You can extract data from your data sources using these strategies:
- All at once
- Incremental data extracts using a chunking strategy
If you use a chunking strategy, Incorta uses the size of the chunks to extract large tables. Incorta determines the number of chunks based on the number of available threads that can run in parallel (this setting is in the Cluster Management Console, or CMC).
Incremental data extracts from source tables, especially from replicated source systems, can result in certain transactions being updated in source systems after the incremental extract in Incorta is complete. If this happens, new incremental loads can miss these records. Choose the desired timestamp column for incremental extracts. If you perform an incremental extract using the desired timestamp column, Incorta extracts records based on the maximum value of the incremental timestamp column. By default, incremental extracts are based on the last successful extract time for a table.
- Incremental column support is currently limited to timestamp columns only.
- Support in the first phase is limited to Oracle and mySQL databases.
After you load data, you can create schema and joins and visualize your data.
When you load data into Incorta, you can choose one of the following strategies:
- Full load to load all the data at once. This option overwrites any data with the same name in Incorta. You can disable this option so you do not accidentally overwrite existing data.

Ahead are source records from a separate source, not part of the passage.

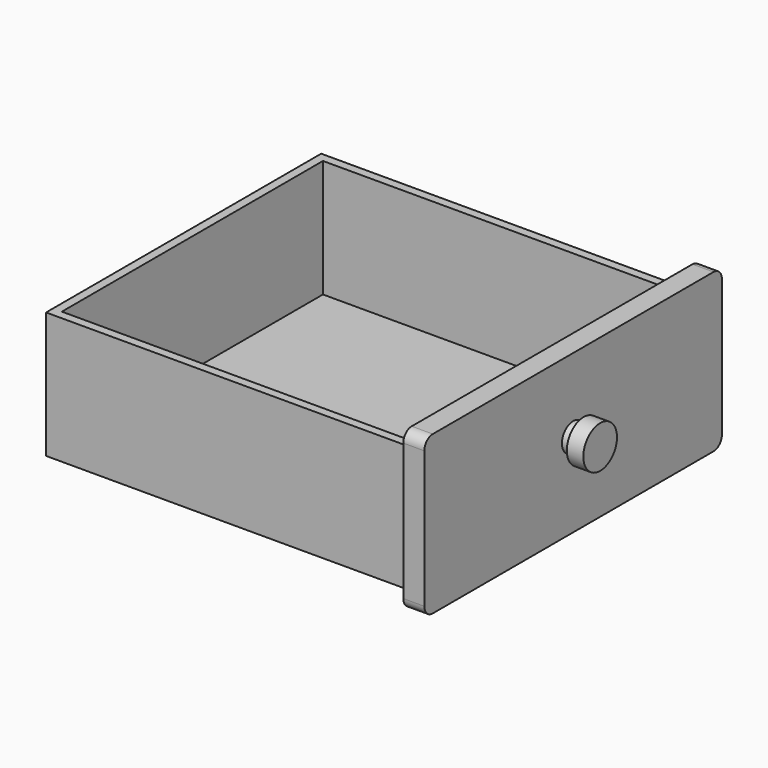
from build123d import *

# Parameters (mm, degrees)
F0_W        = 105
F0_H        = 98
F1_DEPTH    = 36
F2_DEPTH    = 42
F3_DEPTH    = 3
F4_T        = 2.5
F4_T3_DEPTH = 41
F4_T5_DEPTH = 103
F5_R        = 3
F6_R        = 4
F7_DEPTH    = 3
F8_R        = 6
F9_DEPTH    = 4.7


# Not quite as in the source:
# - a shell that OpenCascade refuses in one call is made with other operations: the cavity is built on its own and cut out


with BuildPart() as f1:
    # F0 (on Top) → F1 (new body)
    with BuildSketch(Plane.XY):
        with Locations((52.5, 0)):
            Rectangle(F0_W, F0_H)
    extrude(amount=F1_DEPTH)

    # F0 (on Top) → F2 (join)
    with BuildSketch(Plane.XY):
        Polygon((105, 53), (105, 49), (105, -49), (105, -53), (111, -53), (111, 53), align=None)
    extrude(amount=F2_DEPTH)

    # F0 (on Top) → F3 (join)
    with BuildSketch(Plane.XY):
        Polygon((105, 53), (105, 49), (105, -49), (105, -53), (111, -53), (111, 53), align=None)
    extrude(amount=-F3_DEPTH)

    # F4: shell of thickness 2.5, made by hand


with BuildPart() as f4_core1:
    # F4_t2: copy of F1
    add(f1.part)

    # the walls: a layer under each face that stays
    f4_faces = [f4_core1.faces().sort_by_distance(p)[0] for p in [
        (105, 45.4285714286, 38.7857142857),
        (108, 0, 42),
        (111, 0, 19.5),
        (108, 53, 19.5),
        (108, 0, -3),
        (108, -53, 19.5),
        (0, 0, 18),
        (52.5, -49, 18),
        (52.5, 0, 0),
        (52.5, 49, 18),
    ]]
    thicken(f4_faces, amount=-F4_T, mode=Mode.SUBTRACT)

    # F4_s4 → F4_t3 (cut)
    with BuildSketch(Plane.XY.offset(-2.5)):
        Polygon((104.975, 49.025), (107.5, 49), (107.5, 46.5), (105, 46.5), align=None)
        Polygon((104.975, -49.025), (107.5, -49), (107.5, -46.5), (105, -46.5), align=None)
    extrude(amount=F4_T3_DEPTH, mode=Mode.SUBTRACT)

    # F4_s6 → F4_t5 (cut)
    with BuildSketch(Plane.XZ.offset(-51.5)):
        Polygon((104.975, -0.025), (107.5, 0), (107.5, 2.5), (105, 2.5), align=None)
    extrude(amount=F4_T5_DEPTH, mode=Mode.SUBTRACT)


with BuildPart() as f1_1:
    add(f1.part)

    # what is left inside the walls is the cavity
    f4_cavity = [f4_core1.part.solids().sort_by_distance(p)[0] for p in [
        (55, -15.5, 35.975),
    ]]
    add(f4_cavity, mode=Mode.SUBTRACT)

    # F5
    f5_edges = [f1_1.edges().sort_by_distance(p)[0] for p in [
        (108, -53, 42),
        (108, 53, 42),
        (108, 53, -3),
        (108, -53, -3),
    ]]
    fillet(f5_edges, radius=F5_R)

    # F6 (on face) → F7 (join)
    with BuildSketch(Plane.YZ.offset(111)):
        with Locations((0, 20.9335461259)):
            Circle(F6_R)
    extrude(amount=F7_DEPTH)

    # F8 (on face) → F9 (join)
    with BuildSketch(Plane.YZ.offset(114)):
        with Locations((0, 20.9335461259)):
            Circle(F8_R)
    extrude(amount=F9_DEPTH)


solid = f1_1.part

- Incremental load to add only new data to Incorta. Use this option to avoid overwriting existing data.
You can schedule loads, upload data manually, or write a Python script to import and load data from a source you specify.
When you run an incremental load, you must specify which column defines the incremental timestamp. Incorta extracts records based on the maximum value of the incremental timestamp column to determine when the last schema loaded.